Why does SFT-then-RL training follow a predictable three-phase pattern?
When expert data diverges from a model's learned patterns, SFT-then-RL training exhibits disruption, readaptation, and overfitting phases. Understanding this progression could improve how we combine imitation and reinforcement learning.
The standard SFT-then-RL pipeline doesn't consistently outperform pure RL. CHORD's investigation reveals why: the learning curve follows a "shift-readapt-overfit" progression through three distinct phases. First, initial disruption — the sudden policy shift from expert data degrades existing capabilities. Second, readaptation — the model adapts to expert patterns and recovers performance. Third, overfitting — the model eventually overfits to the expert data, losing generalization.
This three-phase pattern appears specifically when expert data significantly diverges from the model's own established patterns. Expert data brings new capabilities but disrupts established ones, creating a fundamental tension in the SFT-then-RL approach.

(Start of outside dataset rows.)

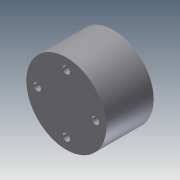
# Autodesk Inventor part: awesomespin
Saved by Autodesk Inventor 2011 (Build 150239000, 239)
## iProperties
Created: 2011-12-10
Part Number: awesomespin
Document SubType Name: Modeling
Designer: Matthew
Density: 1 g/cm^3
Author: Matthew
Autodesk Inventor part; units mm, degrees
ref_plane "YZ Plane" through (0, 0, 0) normal (1, 0, 0) x (0, 1, 0)
ref_plane "XZ Plane" through (0, 0, 0) normal (0, 1, 0) x (-1, 0, 0)
ref_plane "XY Plane" through (0, 0, 0) normal (0, 0, 1) x (1, 0, 0)
sketch "Sketch1" plane through (0, 0, 0) normal (0, 0, 1) x (1, 0, 0)
  circle A0 centre (0, 0) radius 11
  dimension "d0" = 22
  constraints: 1 centre point, 1 coincident
  measures "d0" diameter of A0
extrude "Extrusion1" add sketch "Sketch1" along normal blind 10
sketch "Sketch2" plane through (0, 0, 10) normal (0, 0, 1) x (1, 0, 0)
  circle A0 centre (0, 0) radius 11 projected
  circle A1 centre (0, 0) radius 8
  circle A2 centre (-8, 0) radius 1
  circle A3 centre (0, 8) radius 1
  circle A4 centre (8, 0) radius 1
  circle A5 centre (0, -8) radius 1
  dimension "d3" = 16
  dimension "d4" = 2
  dimension "d5" = 2
  dimension "d6" = 2
  dimension "d7" = 2
  constraints: 5 centre point, 4 point on circle, 1 coincident
  measures "d3" diameter of A1
  measures "d4" diameter of A2
  measures "d5" diameter of A3
  measures "d6" diameter of A4
  measures "d7" diameter of A5
extrude "Extrusion2" cut sketch "Sketch2" against normal blind 10 contours A1 A4 | A1 A4 | A3 A1 | A1 A3 | A5 A1 | A1 A5 | A2 A1 | A1 A2
sketch "Sketch3" plane through (0, 0, 10) normal (0, 0, 1) x (1, 0, 0)
  circle A0 centre (8, 0) radius 1 projected
  circle A1 centre (0, -8) radius 1 projected
  circle A2 centre (-8, 0) radius 1 projected
  circle A3 centre (0, 8) radius 1 projected
  circle A4 centre (0, 0) radius 11 projected
extrude "Extrusion3" add sketch "Sketch3" along normal blind 3
body "Solid1"
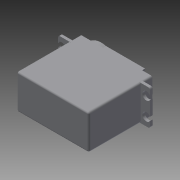
# Autodesk Inventor part: servo
Saved by Autodesk Inventor 2015 SP2 (Build 190223200, 223)
## iProperties
Created: 2016-09-01
Part Number: servo
Material: Generic
Document SubType Name: Modeling
Designer: jm799
Density: 1 g/cm^3
Appearance: Default
Author: jm799
Autodesk Inventor part; units mm, degrees
ref_plane "XZ Plane" through (0, 0, 0) normal (0, 1, 0) x (-1, 0, 0)
ref_plane "XY Plane" through (0, 0, 0) normal (0, 0, 1) x (1, 0, 0)
sketch "Sketch4" plane through (0, 0, 0) normal (0, 1, 0) x (-1, 0, 0)
  line L0 (21.5786, 9.75) -> (-18.7214, 9.75)
  line L1 (-18.7214, 9.75) -> (-18.7214, -9.75)
  line L2 (-18.7214, -9.75) -> (21.5786, -9.75)
  line L3 (21.5786, -9.75) -> (21.5786, 9.75)
  point P0 (0, 0)
  point P1 (21.5786, 0)
  dimension "d6" = 19.5
  dimension "d7" = 40.3
  constraints: 8 end point, 2 parallel, 1 horizontal, 1 horizontal alignment, 1 midpoint, 1 perpendicular
  measures "d6" distance of L0.end L1.end
  measures "d7" distance of L1.end L2.end
extrude "Extrusion2" add sketch "Sketch4" along normal blind 35.5
sketch "Sketch5" plane through (0, 35.5, 0) normal (0, 1, 0) x (1, 0, 0)
  point P0 (0, 0)
sketch "Sketch6" plane through (0, 35.5, 0) normal (0, 1, 0) x (1, 0, 0)
  point P0 (0, 0)
sketch "Sketch7" plane through (0, 35.5, 0) normal (0, 1, 0) x (1, 0, 0)
  point P0 (0, 0)
sketch "Sketch9" plane through (0, 35.5, 0) normal (0, 1, 0) x (1, 0, 0)
  circle A0 centre (-11.7806, 0) radius 9.75
  line L0 (18.7214, 9.75) -> (-21.5786, 9.75) projected
  point P0 (0, 0)
  constraints: 1 centre point, 1 tangent
extrude "Extrusion3" add sketch "Sketch9" along normal blind 2
sketch "Sketch12" plane through (0, 35.5, 0) normal (0, 1, 0) x (1, 0, 0)
  arc A0 (-11.7806, -9.75) -> (-11.7806, 9.75) centre (-11.7806, 0) ccw projected
  arc A1 (-9.1237, -9.381) -> (-9.0416, 9.3574) centre (-11.7806, 0) ccw
  line L0 (-9.1237, -9.381) -> (12.6403, -9.381)
  line L1 (12.6403, -9.381) -> (12.6403, 9.3574)
  line L2 (12.6403, 9.3574) -> (-9.0416, 9.3574)
  point P0 (0, 0)
  constraints: 6 end point, 4 point on circle, 2 perpendicular, 1 centre point, 1 concentric, 1 horizontal
extrude "Extrusion4" add sketch "Sketch12" along normal blind 2
sketch "Sketch13" plane through (0, 35.5, 0) normal (0, 1, 0) x (1, 0, 0)
  line L0 (-21.5786, 9.75) -> (-21.5786, -9.75) construction
  line L1 (-21.5786, 0) -> (18, 0) construction
  line L2 (12.6403, -9.381) -> (12.6403, 9.3574) projected
  arc A0 (12.6403, -6) -> (15.5036, 0) centre (8.5831, -0.3807) ccw
  arc A1 (15.5036, 0) -> (12.6403, 6) centre (8.5831, 0.3807) ccw
  line L3 (12.6403, -6) -> (12.6403, 6)
  line L4 (12.6403, 9.3574) -> (12.6403, -9.381) projected
  point P0 (0, 0)
  constraints: 4 end point, 4 point on circle, 2 centre point, 2 point on line, 2 symmetric about line, 1 collinear, 1 horizontal, 1 midpoint, 1 other
extrude "Extrusion5" add sketch "Sketch13" along normal blind 1.8
sketch "Sketch14" plane through (0, 37.5, 0) normal (0, 1, 0) x (1, 0, 0)
  arc A0 (-9.0416, 9.3574) -> (-9.1237, -9.381) centre (-11.7806, 0) ccw projected
  circle A1 centre (-11.7806, 0) radius 6.395
  point P0 (0, 0)
  dimension "d16" = 12.79
  constraints: 1 centre point, 1 coincident
  measures "d16" diameter of A1
extrude "Extrusion6" add sketch "Sketch14" along normal blind 1.2
sketch "Sketch16" plane through (-11.7806, 38.7, 0) normal (0, 1, 0) x (1, 0, 0)
  circle A0 centre (0, 0) radius 6.395 projected
  circle A1 centre (0, 0) radius 5.6569
  point P0 (11.7806, 0)
  constraints: 1 centre point, 1 coincident
extrude "Extrusion7" add sketch "Sketch16" along normal blind 0.6 contours A1
sketch "Sketch17" plane through (-11.7806, 39.3, 0) normal (0, 1, 0) x (1, 0, 0)
  circle A0 centre (0, 0) radius 6.395 projected
  circle A1 centre (0, 0) radius 2.85
  point P0 (11.7806, 0)
  dimension "d21" = 5.7
  constraints: 1 centre point, 1 coincident
  measures "d21" diameter of A1
extrude "Extrusion8" add sketch "Sketch17" along normal blind 3 contours A1
sketch "Sketch18" plane through (-11.7806, 42.3, 0) normal (0, 1, 0) x (1, 0, 0)
  circle A0 centre (0, 0) radius 2.85 projected
  circle A1 centre (0, 0) radius 1.4142
  point P0 (11.7806, 0)
  constraints: 1 centre point, 1 coincident
extrude "Extrusion9" cut sketch "Sketch18" against normal blind 3 contours A1
sketch "Sketch19" plane through (-21.5786, 0, -9.75) normal (-1, 0, 0) x (0, 0, 1)
  line L0 (0, 35.5) -> (0, 30.5) construction
  line L1 (19.5, 0) -> (19.5, 35.5) projected
  line L2 (0, 30.5) -> (19.5, 30.5)
  line L3 (19.5, 30.5) -> (19.5, 29)
  line L4 (19.5, 29) -> (0, 29)
  line L5 (0, 29) -> (0, 30.5)
  point P0 (9.75, 0)
  dimension "d26" = 5
  constraints: 10 end point, 2 parallel, 1 horizontal, 1 perpendicular, 1 point on line, 1 vertical
  measures "d26" distance of L0.start L0.end
extrude "Extrusion10" add sketch "Sketch19" along normal blind 5.8
sketch "Sketch20" plane through (-21.5786, 30.5, 9.75) normal (0, 1, 0) x (1, 0, 0)
  point P0 (21.5786, 9.75)
sketch "Sketch22" plane through (-21.5786, 30.5, 9.75) normal (0, 1, 0) x (1, 0, 0)
  circle A0 centre (-3.8003, 4.6866) radius 2.25
  line L0 (-11.4938, 9.75) -> (0.0481, 9.75) construction
  arc A1 (9.7981, 19.5) -> (9.7981, 0) centre (9.7981, 9.75) ccw construction
  circle A2 centre (-3.8003, 14.8134) radius 2.25
  point P0 (21.5786, 9.75)
  dimension "d29" = 4.5
  constraints: 2 centre point, 2 end point, 1 horizontal, 1 point on circle
  measures "d29" diameter of A0
hole "Hole1" at (-25.3789, 30.5, 5.0634) at (-25.3789, 30.5, -5.0634) direction (0, -1, 0) diameter 4.5 depth 8 tip angle 118
fillet "Fillet1" radius 1 1 edges at (-27.3786, 29.75, 9.75)
fillet "Fillet2" radius 1 1 edges at (-27.3786, 29.75, -9.75)
fillet "Fillet3" radius 1 4 edges at (-21.5786, 33, 9.75) (-21.5786, 33, -9.75) (18.7214, 17.75, 9.75) (18.7214, 17.75, -9.75)
fillet "Fillet4" radius 1 2 edges at (-21.5786, 14.5, 9.75) (-21.5786, 14.5, -9.75)
ref_plane "Work Plane4" through (-1.75, 0, 0) normal (1, 0, 0) x (0, 1, 0)
mirror "Mirror2" about plane through (-1.75, 0, 0) normal (1, 0, 0) of "Extrusion10", "Hole1", "Fillet1", "Fillet2"
fillet "Fillet5" radius 1 8 edges at (-1.4286, 0, 9.75) (18.4285, 0, 9.4571) (18.7214, 0, 0) (18.4285, 0, -9.4571) (-1.4286, 0, -9.75) (-21.2858, 0, -9.4571) (-21.5786, 0, 0) (-21.2858, 0, 9.4571)
sketch "Sketch26" plane through (0, 35.5, 0) normal (0, 1, 0) x (1, 0, 0)
  point P0 (0, 0)
body "Solid2"
Mast 2 (Autodesk Fusion 360 design; units mm, degrees)
Autodesk Fusion 360 part; units mm, degrees
sketch "Sketch1" plane through (0, 0, 0) normal (0, 0, 1) x (1, 0, 0)
  circle A0 centre (0, 0) radius 14.75
  circle A1 centre (0, 0) radius 11.75
  dimension "d1" = 29.5
  dimension "d2" = -3
  dimension "d3" = 23.5
  constraint coincident A0.centre A1.centre
  measures "d1" diameter of A0
  measures "d3" diameter of A1
  measures "d22" diameter of A0.centre
extrude "Extrude1" add sketch "Sketch1" along normal blind 70 makes body 1
sketch "Sketch3" plane through (0, 0, 70) normal (0, 0, 1) x (-1, 0, 0)
  circle A0 centre (0, 0) radius 11.75
  circle A1 centre (0, 0) radius 14.75
  circle A2 centre (0, 0) radius 14.75
  constraint coincident A0.centre A1.centre
ref_plane "WorkPlane1" through (0, 0, 78.4) normal (0, 0, 1) x (1, 0, 0)
sketch "Sketch2" plane through (0, 0, 78.4) normal (0, 0, 1) x (1, 0, 0)
  circle A0 centre (0, 0) radius 12.15
  circle A1 centre (0, 0) radius 14.75
  dimension "d7" = 24.3
  dimension "d8" = 29.5
  constraint coincident A0.centre A1.centre
  measures "d7" diameter of A0
  measures "d8" diameter of A1
loft "Loft1" add profiles "Sketch3", "Sketch2" section 1 section 2 contours A0 bodies 1
extrude "Extrude2" add sketch "Sketch2" along normal blind 7.4 contours A0 | A1 bodies 1
sketch "Sketch5" plane through (0, 0, 85.8) normal (0, 0, 1) x (-1, 0, 0)
  circle A0 centre (0, 0) radius 14.75
  circle A1 centre (0, 0) radius 14.75
  circle A2 centre (0, 0) radius 16.75
  dimension "d13" = 33.5
  constraint concentric A0 A1
  constraint coincident A0.centre A1.centre
  measures "d13" diameter of A2
extrude "Extrude3" add sketch "Sketch5" along normal blind 3.35 contours A0 A1 | A2 bodies 1
sketch "Sketch6" plane through (0, 0, 89.15) normal (0, 0, 1) x (-1, 0, 0)
  circle A0 centre (0, 0) radius 16.75
  circle A1 centre (0, 0) radius 16.75
  constraint coincident A0.centre A1.centre
ref_plane "WorkPlane2" through (0, 0, 92.05) normal (0, 0, 1) x (-1, 0, 0)
sketch "Sketch7" plane through (0, 0, 92.05) normal (0, 0, 1) x (1, 0, 0)
  circle A0 centre (0, 0) radius 13.75
  dimension "d16" = 27.5
  constraint coincident A0.centre origin
  measures "d16" diameter of A0
loft "Loft3" add profiles "Sketch7" section 1 face at (-0.9963, -4.3652, 89.15) section 2 on bodies 1 bodies 1
extrude "Extrude4" add 1 faces at (1.5859, 3.0843, 92.05) along direction (0, 0, 1) blind 7.7 on bodies 1 bodies 1
sketch "Sketch8" plane through (0, 0, 99.75) normal (0, 0, 1) x (-1, 0, 0)
  circle A0 centre (0, 0) radius 13.75
  circle A1 centre (0, 0) radius 31.9
  dimension "d19" = 63.8
  constraint coincident A0.centre A1.centre
  measures "d19" diameter of A1
extrude "Extrude5" add sketch "Sketch8" along normal blind 2 contours A0 | A1 bodies 1
sketch "Sketch9" plane through (0, 0, 101.75) normal (0, 0, 1) x (-1, 0, 0)
  circle A0 centre (0, 0) radius 31.9
  circle A1 centre (0, 0) radius 11.1
  circle A2 centre (0, 0) radius 7
  dimension "d22" = 22.2
  dimension "d27" = 14
  constraint concentric A0 A1
  constraint concentric A1 A2
  measures "d22" diameter of A1
  measures "d27" diameter of A2
extrude "Extrude6" cut sketch "Sketch9" against normal through all contours A2 bodies 1
extrude "Extrude7" cut sketch "Sketch9" against normal blind 7 contours A1 | A2 bodies 1
sketch "Sketch1 (2)" plane through (0, 0, 0) normal (0, 0, 1) x (1, 0, 0) in component "Mast_Foot"
  circle A0 centre (0, 0) radius 14.9
  circle A1 centre (0, 0) radius 20.9
  circle A2 centre (0, 0) radius 15.4
  dimension "d28" = 29.8
  dimension "d29" = 6
  dimension "d30" = 0.5
  constraint coincident A0.centre A1.centre
  measures "d28" diameter of A0
extrude "Extrude1'" add sketch "Sketch1 (2)" along normal blind 10 separate body contours A2 makes body 2 in component "Mast_Foot"
extrude "Extrude2'" add sketch "Sketch1 (2)" along normal blind 2 contours A1 bodies 2 in component "Mast_Foot"
sketch "Sketch2 (2)" plane through (0, 0, 0) normal (0, 1, 0) x (1, 0, 0) in component "Mast_Foot"
  line L0 (-15.4, -2) -> (15.4, -2)
  line L1 (-15.4, -10) -> (15.4, -10)
  line L2 (-20.9, -2) -> (20.9, -2)
  line L3 (15.4, -10) -> (15.4, -2)
  line L4 (20.9, -2) -> (15.4, -10)
  line L5 (15.4, -10) -> (13.4, -10)
  line L6 (13.4, -10) -> (13.4, -2)
  line L7 (13.4, -2) -> (15.4, -2)
  line L8 (15.4, -2) -> (15.4, -10)
  dimension "d35" = 2
  constraint coincident L1.end L3.start
  constraint coincident L0.end L3.end
  constraint coincident L2.end L4.start
  constraint horizontal L5
  constraint vertical L6
  constraint horizontal L7
  constraint vertical L8
  measures "d35" distance of L1.end L5.end
extrude "Extrude3'" add sketch "Sketch2 (2)" along normal mid plane 4 separate body makes body 3 in component "Mast_Foot"
extrude "Extrude4'" cut sketch "Sketch2 (2)" along normal mid plane 2 contours L2 L3 L4 L8 bodies 3 in component "Mast_Foot"
pattern_circular "C-Pattern1" count 8 over 360 about axis through (0, 0, 1.75) along (0, 0, 1) of bodies 3 makes body 4 at (13.1286, 10.3002, 4.6667) makes body 5 at (2, 16.5667, 4.6667) makes body 6 at (-13.1286, 10.3002, 4.6667) makes body 7 at (-16.5667, 2, 4.6667) makes body 8 at (-13.1286, -10.3002, 4.6667) makes body 9 at (-2, -16.5667, 4.6667) makes body 10 at (10.3002, -13.1286, 4.6667) in component "Mast_Foot"
extrude "Extrude5'" cut sketch "Sketch1 (2)" along normal through all contours A0 bodies 3 4 5 6 7 8 9 10 in component "Mast_Foot"
combine "Combine1" operation add target body 2 tool bodies 5 8 10 7 4 6 9 3 in component "Mast_Foot"
component "Mast_Foot" placed x (1, 0, 0) y (0, 1, 0) z (0, 0, 1) at (0, 0, 0)
named bodies: "Mast_Foot"
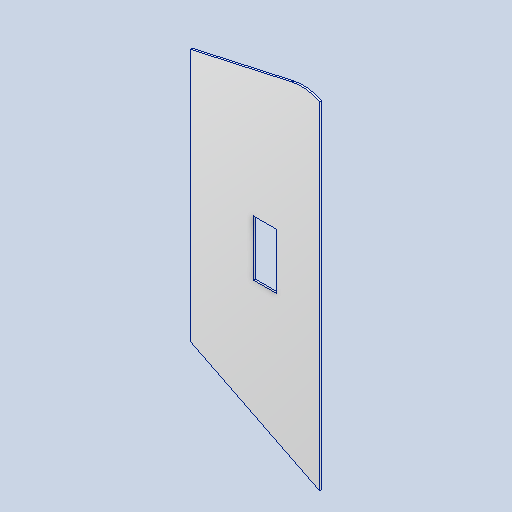
# Autodesk Inventor part: pokrywa lewa
Saved by Autodesk Inventor 2023 (Build 270158000, 158)
## iProperties
Created: 2022-10-11
Part Number: pokrywa lewa
Material: Aluminum 6061
Document SubType Name: Modeling
Designer: komputer
Density: 2.7 g/cm^3
Appearance: Aluminum - Flat
Author: komputer
Autodesk Inventor part; units mm, degrees
ref_plane "YZ Plane" through (0, 0, 0) normal (1, 0, 0) x (0, 1, 0)
ref_plane "XZ Plane" through (0, 0, 0) normal (0, 1, 0) x (-1, 0, 0)
ref_plane "XY Plane" through (0, 0, 0) normal (0, 0, 1) x (1, 0, 0)
sketch "Sketch1" plane through (0, 0, 0) normal (0, 0, 1) x (1, 0, 0)
  line L0 (7.5, 3.8038) -> (3.6225, 3.8038) projected
  arc A0 (1.9153, 4.762) -> (3.6225, 3.8038) centre (3.6225, 5.8038) ccw projected
  line L1 (1.9153, 4.762) -> (-2.2072, 11.517) projected
  arc A1 (-2.5, 12.5588) -> (-2.2072, 11.517) centre (-0.5, 12.5588) ccw projected
  line L2 (-2.5, 12.5588) -> (-2.5, 21.8038) projected
  arc A2 (-0.5, 23.8038) -> (-2.5, 21.8038) centre (-0.5, 21.8038) ccw projected
  line L3 (-0.5, 23.8038) -> (7.5, 23.8038) projected
  line L4 (7.5, 23.8038) -> (7.5, 3.8038) projected
  spline S0 degree 3 poles (-6.0485, -11.2843) (-6.0213, -11.0209) (-5.9428, -10.7653) (-5.6929, -10.2997) (-5.524, -10.094) (-5.1467, -9.7842) (-4.9505, -9.6718) (-4.5292, -9.5173) (-4.3073, -9.4763) (-4.0832, -9.4731) knots 0 0 0 0 0.079442 0.079442 0.158531 0.158531 0.225919 0.225919 0.293184 0.293184 0.293184 0.293184 projected
  line L5 (-6.0485, -11.2843) -> (-6.563, -16.2598) projected
  line L6 (-6.563, -16.2598) -> (-6.8849, -19.6266) projected
  arc A3 (-6.8849, -19.6266) -> (-5.7884, -21.6058) centre (-4.894, -19.817) ccw projected
  line L7 (17.5, -33.2499) -> (-5.7884, -21.6058) projected
  line L8 (17.5, 31.9794) -> (17.5, -33.2499) projected
  arc A4 (4.376, 33.2499) -> (17.5, 31.9794) centre (12.5, 48.7499) ccw projected
  arc A5 (-1.8324, 56.2463) -> (4.376, 33.2499) centre (12.5, 47.7794) ccw projected
  line L9 (-1.8324, 56.2463) -> (-17.5, 52.7794) projected
  line L10 (-17.5, 52.7794) -> (-17.5, 3.0185) projected
  ellipse E0 centre (-15.5, 3.0185) end of major axis (-15.5, 1.0011) minor radius 2 (-17.5, 3.0185) -> (-15.6888, 1.0101) ccw projected
  line L11 (-15.6888, 1.0101) -> (-3.1949, -0.1848) projected
  line L12 (-3.1949, -0.1848) -> (-4.0832, -9.4731) projected
  circle A6 centre (-12, 26.728) radius 1.25 projected
  circle A7 centre (5.3255, 26.728) radius 1.25 projected
  line L13 (-14, 9.2999) -> (-10, 9.2999) projected
  line L14 (-14, 15.6999) -> (-14, 9.2999) projected
  line L15 (-10, 15.6999) -> (-14, 15.6999) projected
  line L16 (-10, 9.2999) -> (-10, 15.6999) projected
  line L17 (13.7851, 6.0601) -> (9.7851, 6.0601) projected
  line L18 (13.7851, -0.3399) -> (13.7851, 6.0601) projected
  line L19 (9.7851, -0.3399) -> (13.7851, -0.3399) projected
  line L20 (9.7851, 6.0601) -> (9.7851, -0.3399) projected
  circle A8 centre (7.1425, -8.6154) radius 1.25 projected
  line L21 (17.5, -33.2499) -> (-17.5, -15.7501) projected
  line L22 (-17.5, -15.7501) -> (-17.5, -17.9862) projected
  line L23 (-17.5, -17.9862) -> (17.5, -35.486) projected
  line L24 (17.5, -35.486) -> (17.5, -33.2499) projected
  line L25 (-1.4649, 56.8397) -> (-18, 53.1809) projected
  line L26 (-18, 53.1809) -> (-18, -17.9862) projected
  line L27 (-18, -17.9862) -> (-17.5, -17.9862) projected
  line L28 (-17.5, -17.9862) -> (-17.5, 52.7794) projected
  line L29 (-17.5, 52.7794) -> (-1.8324, 56.2463) projected
  arc A9 (-1.4649, 56.8397) -> (-1.8324, 56.2463) centre (12.5, 47.7794) ccw projected
  line L30 (19.5, -37.0206) -> (19.5, 31.9794) projected
  line L31 (19.5, 31.9794) -> (17.5, 31.9794) projected
  line L32 (17.5, -37.0206) -> (17.5, 31.9794) projected
  line L33 (19.5, -37.0206) -> (17.5, -37.0206) projected
  circle A10 centre (12.5, 47.7794) radius 15.02 projected
  line L34 (-1.4649, 56.8397) -> (-11.9805, 54.5129)
  line L35 (-11.9805, 54.5129) -> (26.5324, 63.5095)
  line L36 (17.5, 31.9794) -> (17.5, 20.7849)
  line L37 (17.5, 20.7849) -> (17.5, 78.444)
  circle A11 centre (12.5, 47.7794) radius 12.1257
  line L38 (-17.5, -15.7501) -> (-17.5, 52.7794)
  line L39 (-1.8324, 56.2463) -> (11.2654, 59.1445)
  line L40 (11.2654, 59.1445) -> (26.5324, 62.5227)
  circle A12 centre (12.5, 47.7794) radius 11.3634
  line L41 (5.8925, 7.1892) -> (-0.5, 7.1892)
  line L42 (-0.5, 7.1892) -> (-0.5, 22.231)
  line L43 (-0.5, 22.231) -> (5.8925, 22.231)
  line L44 (5.8925, 22.231) -> (5.8925, 7.1892)
  point P0 (0, 0)
  point P1 (17.5, 57.9837)
  point P2 (10.0449, 58.8745)
  constraints: 22 end point, 4 point on line, 2 centre point, 2 coincident, 2 parallel, 2 tangent, 1 collinear, 1 horizontal, 1 perpendicular, 1 other
extrude "Extrusion1" add sketch "Sketch1" along normal blind 0.5 contours L0 A0 L1 L41 L44 L43 L42 A1 L2 A2 L3 L4 | L5 L6 A3 L21 L28 E0 L11 L12 S0 | S0 L12 L11 E0 L10 L9 A5 A4 L8 L7 A3 L6 L5 | L39 A10 L37 A4 A5 | L39 A11 L37 A10 | L39 A12 L37 A11 | A12 L37 | L14 L15 L16 L13 | L18 L19 L20 L17 picked at (9.8401, 51.5561)
sketch "Sketch2" plane through (0, 0, 0.5) normal (0, 0, 1) x (1, 0, 0)
  line L0 (17.5, -33.2499) -> (17.5, 57.9837) projected
  arc A0 (17.5, 57.9837) -> (10.0449, 58.8745) centre (12.5, 47.7794) ccw projected
  line L1 (10.0449, 58.8745) -> (-17.5, 52.7794) projected
  line L2 (-17.5, 52.7794) -> (-17.5, -15.7501) projected
  line L3 (-17.5, -15.7501) -> (17.5, -33.2499) projected
  circle A1 centre (-12, 26.728) radius 1.25 projected
  circle A2 centre (5.3255, 26.728) radius 1.25 projected
  circle A3 centre (7.1425, -8.6154) radius 1.25 projected
  line L4 (-0.5, 7.1892) -> (-0.5, 22.231) projected
  line L5 (-0.5, 22.231) -> (5.8925, 22.231) projected
  line L6 (5.8925, 22.231) -> (5.8925, 7.1892) projected
  line L7 (5.8925, 7.1892) -> (-0.5, 7.1892) projected
  point P0 (0, 0)
extrude "Extrusion2" add sketch "Sketch2" against normal blind 0.5 contours A1 | A2 | A3
body "Solid1"

CHORD's solution reframes SFT not as a separate tuning stage but as a dynamically weighted auxiliary objective within the on-policy RL process. Two control mechanisms manage the expert data influence: a global coefficient that guides the transition from off-policy imitation to on-policy exploration over training, and a per-token weighting function that down-weights highly divergent tokens from off-policy data that could disrupt on-policy training.
The insight connects to the broader SFT-RL dynamic. Since Does supervised fine-tuning actually improve reasoning quality?, the degradation phase in CHORD's three-phase pattern may correspond to the reasoning quality loss that SFT introduces. Since How quickly do errors compound during model self-training?, the overfit phase represents a slower-timescale version of the same cumulative failure dynamic.
The practical implication: rather than treating SFT and RL as sequential stages with a hard boundary, integrating them as a continuous spectrum (from imitation-heavy to exploration-heavy) over training produces more stable and higher-performing results.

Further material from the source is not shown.